The UFC needs to capitalize on their label-laden pocketbooks and can do so in a number of ways. For example, have Georges St. Pierre be “The Bachelor” one season or Thiago Alves the target of a VH-1 “…of Love” show. Find a fighter who likes to cook and have him show up on “Rachel Ray” for a guest segment. Put a Mixed Martial Artist on “Dancing with the Stars”…er, well one that isn’t Chuck Liddell. By catering to what is currently such a largely ignored demographic, the UFC can do nothing but help itself considering the company’s end-goal of becoming a household name.

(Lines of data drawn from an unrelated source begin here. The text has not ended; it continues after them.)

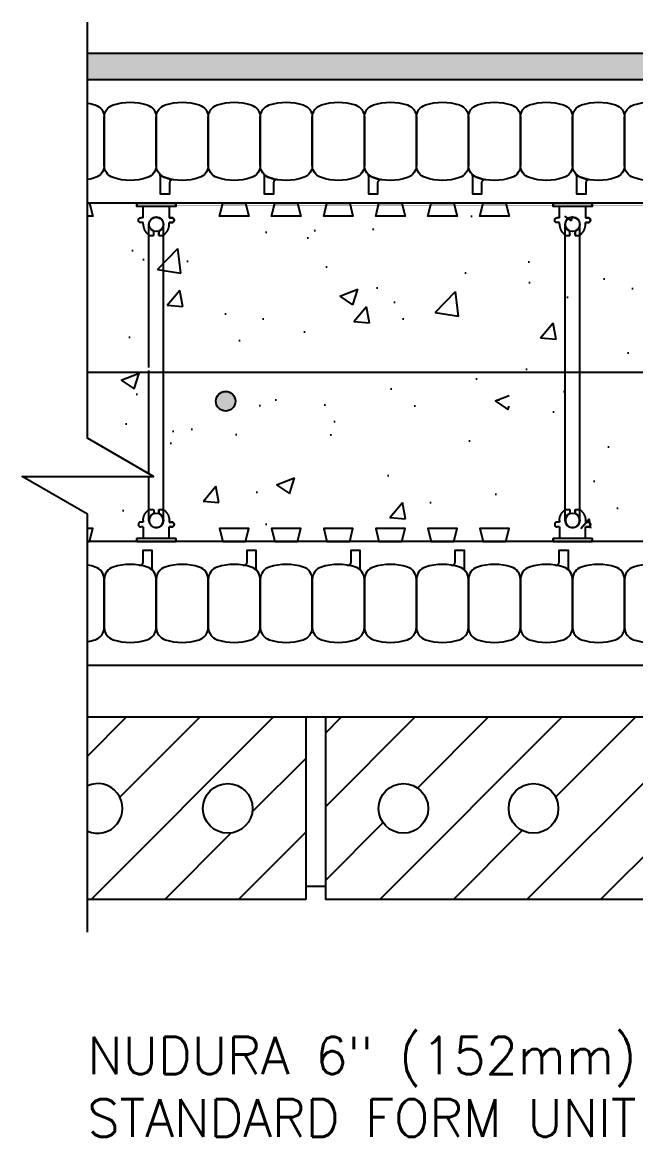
# Model space of a CAD drawing. Header units: inches. Extents: x 2887.4 to 2942.4, y 464.8 to 534.2.
# Drawn here: x 2887.35 to 2899.14, y 501.15 to 522.56 of the extents above; entities that cross this region are included whole.
import ezdxf

# ---------------------------------------------------------------- set-up
doc = ezdxf.new("R2010")
doc.units = ezdxf.units.IN
doc.header["$LTSCALE"] = 0.5
doc.header["$MEASUREMENT"] = 0
doc.layers.get('0').update_dxf_attribs({"linetype": 'CONTINUOUS'})
for name, color, linetype in [('HATCH', 12, 'CONTINUOUS'), ('LINE18', 9, 'CONTINUOUS'), ('line25', 2, 'CONTINUOUS'), ('LINE50', 5, 'CONTINUOUS'), ('LINE65', 3, 'CONTINUOUS'), ('LINE9', 9, 'CONTINUOUS'), ('TEXT', 4, 'CONTINUOUS')]:
    doc.layers.add(name, color=color, linetype=linetype)
doc.styles.get("Standard").update_dxf_attribs({"font": 'romans.shx'})

# ---------------------------------------------------------------- blocks, each defined once
blk = doc.blocks.new('Connector')
blk.add_point((0.271, 0))
at = {"layer": 'LINE9'}
for p, q in [((0, 0.375), (0, -0.375)), ((0.062, -0.375), (0.062, 0.375)), ((0.281, 0.25), (0.062, 0.25))]:
    blk.add_line(p, q, dxfattribs=at)
for points, weights in [([(0.007, 0.375), (0.004, 0.375), (0, 0.375)], [1, 0.972587069138, 0.950305488115]), ([(0.327, 0.343), (0.308, 0.343), (0.281, 0.317), (0.281, 0.297)], [1, 0.85355339, 0.85355339, 1]), ([(0.328, 0.343), (0.327, 0.343), (0.327, 0.343)], [1, 0.70710678, 1]), ([(0.375, 0.297), (0.375, 0.317), (0.348, 0.343), (0.329, 0.343)], [1, 0.85355339, 0.85355339, 1]), ([(0.406, 0.25), (0.546, 0.25), (0.619, 0.131)], [0.958404415409, 0.794674173519, 0.864651571113]), ([(0.619, 0.052), (0.612, 0.049), (0.604, 0.049)], [0.83615024178, 0.892081430621, 1]), ([(0.619, -0.131), (0.546, -0.25), (0.406, -0.25)], [0.864651574428, 0.794674169686, 0.958404415195]), ([(0.604, -0.049), (0.612, -0.049), (0.619, -0.052)], [1, 0.89208144177, 0.836150253337]), ([(0, -0.375), (0.004, -0.375), (0.007, -0.375)], [0.950305488115, 0.972587069138, 1]), ([(0.281, -0.297), (0.281, -0.317), (0.308, -0.343), (0.327, -0.343)], [1, 0.85355339, 0.85355339, 1]), ([(0.327, -0.343), (0.281, -0.343), (0.281, -0.297)], [1, 0.70710678, 1]), ([(0.329, -0.343), (0.348, -0.343), (0.375, -0.317), (0.375, -0.297)], [1, 0.85355339, 0.85355339, 1]), ([(0.375, -0.297), (0.375, -0.343), (0.329, -0.343)], [1, 0.70710678, 1])]:
    blk.add_rational_spline(points, weights, degree=2, dxfattribs=at)
for points, degree in [([(0, 0.375), (0.002, 0.375), (0.005, 0.375), (0.007, 0.375)], 3), ([(0.007, 0.375), (0.021, 0.375), (0.051, 0.375), (0.062, 0.375), (0.062, 0.375)], 3), ([(0.281, 0.25), (0.281, 0.297)], 1), ([(0.327, 0.343), (0.327, 0.343), (0.328, 0.343), (0.328, 0.343)], 3), ([(0.328, 0.343), (0.329, 0.343), (0.329, 0.343), (0.329, 0.343)], 3), ([(0.375, 0.25), (0.375, 0.297)], 1), ([(0.406, 0.25), (0.375, 0.25)], 1), ([(0.604, 0.049), (0.532, 0.049)], 1), ([(0.604, 0.049), (0.609, 0.049), (0.614, 0.05), (0.619, 0.052)], 3), ([(0.619, 0.131), (0.619, 0.052)], 1), ([(0.532, -0.049), (0.604, -0.049)], 1), ([(0.604, -0.049), (0.58, -0.049), (0.556, -0.049), (0.532, -0.049)], 3), ([(0.619, -0.052), (0.614, -0.05), (0.609, -0.049), (0.604, -0.049)], 3), ([(0.619, -0.052), (0.619, -0.131)], 1), ([(0.007, -0.375), (0.005, -0.375), (0.002, -0.375), (0, -0.375)], 3), ([(0.062, -0.375), (0.062, -0.375), (0.051, -0.375), (0.021, -0.375), (0.007, -0.375)], 3), ([(0.062, -0.25), (0.281, -0.25)], 1), ([(0.281, -0.297), (0.281, -0.25)], 1), ([(0.281, -0.25), (0.281, -0.297)], 1), ([(0.328, -0.343), (0.328, -0.343), (0.327, -0.343), (0.327, -0.343)], 3), ([(0.329, -0.343), (0.329, -0.343), (0.329, -0.343), (0.328, -0.343)], 3), ([(0.375, -0.25), (0.375, -0.297)], 1), ([(0.375, -0.297), (0.375, -0.25)], 1), ([(0.406, -0.25), (0.375, -0.25)], 1)]:
    blk.add_open_spline(points, degree=degree, dxfattribs=at)
for points, weights, knots in [([(0.062, 0.375), (0.062, 0.375), (0.046, 0.375), (0.03, 0.375), (0.007, 0.375)], [0.868718858569, 0.861102746415, 1, 0.861102734288, 0.868718859898], [0, 0, 0, 0.5, 0.5, 1, 1, 1]), ([(0.532, 0.049), (0.472, 0.203), (0.333, 0.113), (0.157, 0), (0.333, -0.113), (0.472, -0.203), (0.532, -0.049)], [0.899508922286, 0.599718215298, 1, 0.54226024, 1, 0.599718224335, 0.899508908749], [0, 0, 0, 0.318112, 0.318112, 0.681888, 0.681888, 1, 1, 1]), ([(0.007, -0.375), (0.03, -0.375), (0.046, -0.375), (0.062, -0.375), (0.062, -0.375)], [0.868718859319, 0.861102739573, 1, 0.861102742958, 0.868718858948], [0, 0, 0, 0.5, 0.5, 1, 1, 1])]:
    blk.add_rational_spline(points, weights, degree=2, knots=knots, dxfattribs=at)
for points in [[(0.406, 0.25), (0.406, 0.25), (0.406, 0.25), (0.406, 0.25), (0.406, 0.25), (0.406, 0.25), (0.406, 0.25)], [(0.406, 0.25), (0.406, 0.25), (0.406, 0.25), (0.406, 0.25), (0.406, 0.25), (0.406, 0.25), (0.406, 0.25)], [(0.406, 0.25), (0.406, 0.25), (0.406, 0.25), (0.406, 0.25), (0.406, 0.25), (0.406, 0.25), (0.406, 0.25)], [(0.406, 0.25), (0.406, 0.25), (0.406, 0.25), (0.406, 0.25), (0.406, 0.25), (0.406, 0.25), (0.406, 0.25)], [(0.406, 0.25), (0.406, 0.25), (0.406, 0.25), (0.406, 0.25), (0.406, 0.25), (0.406, 0.25), (0.406, 0.25)], [(0.406, 0.25), (0.406, 0.25), (0.406, 0.25), (0.406, 0.25), (0.406, 0.25), (0.406, 0.25), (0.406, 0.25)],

Anik: Spare no expense in marketing Georges St. Pierre. I see GSP as the most qualified candidate to take the torch from the Randy Coutures and Chuck Liddells of the world. MMA will need a face when those guys retire, and I nominate St. Pierre. The Gatorade deal is a nice start, but that was not the UFC’s doing. St. Pierre is among the more popular fighters with the hardcore fans, but still needs a push to cross over to casual fans. He has all the tools inside the Octagon and, more importantly for this conversation, outside of it—good looks, personality, charisma, an infectious smile. And, he can also talk MMA strategy/technique with the best of them. We are hoping to have him in Bristol soon as an MMA Live analyst, and I guarantee he’ll kill it. As you suggest, get him on network television, whether it is as ‘The Bachelor’ or as a contestant on ‘Dancing with the Stars’ (he would win the whole damn thing). The UFC has done well in capitalizing on GSP’s appeal, but more can be done.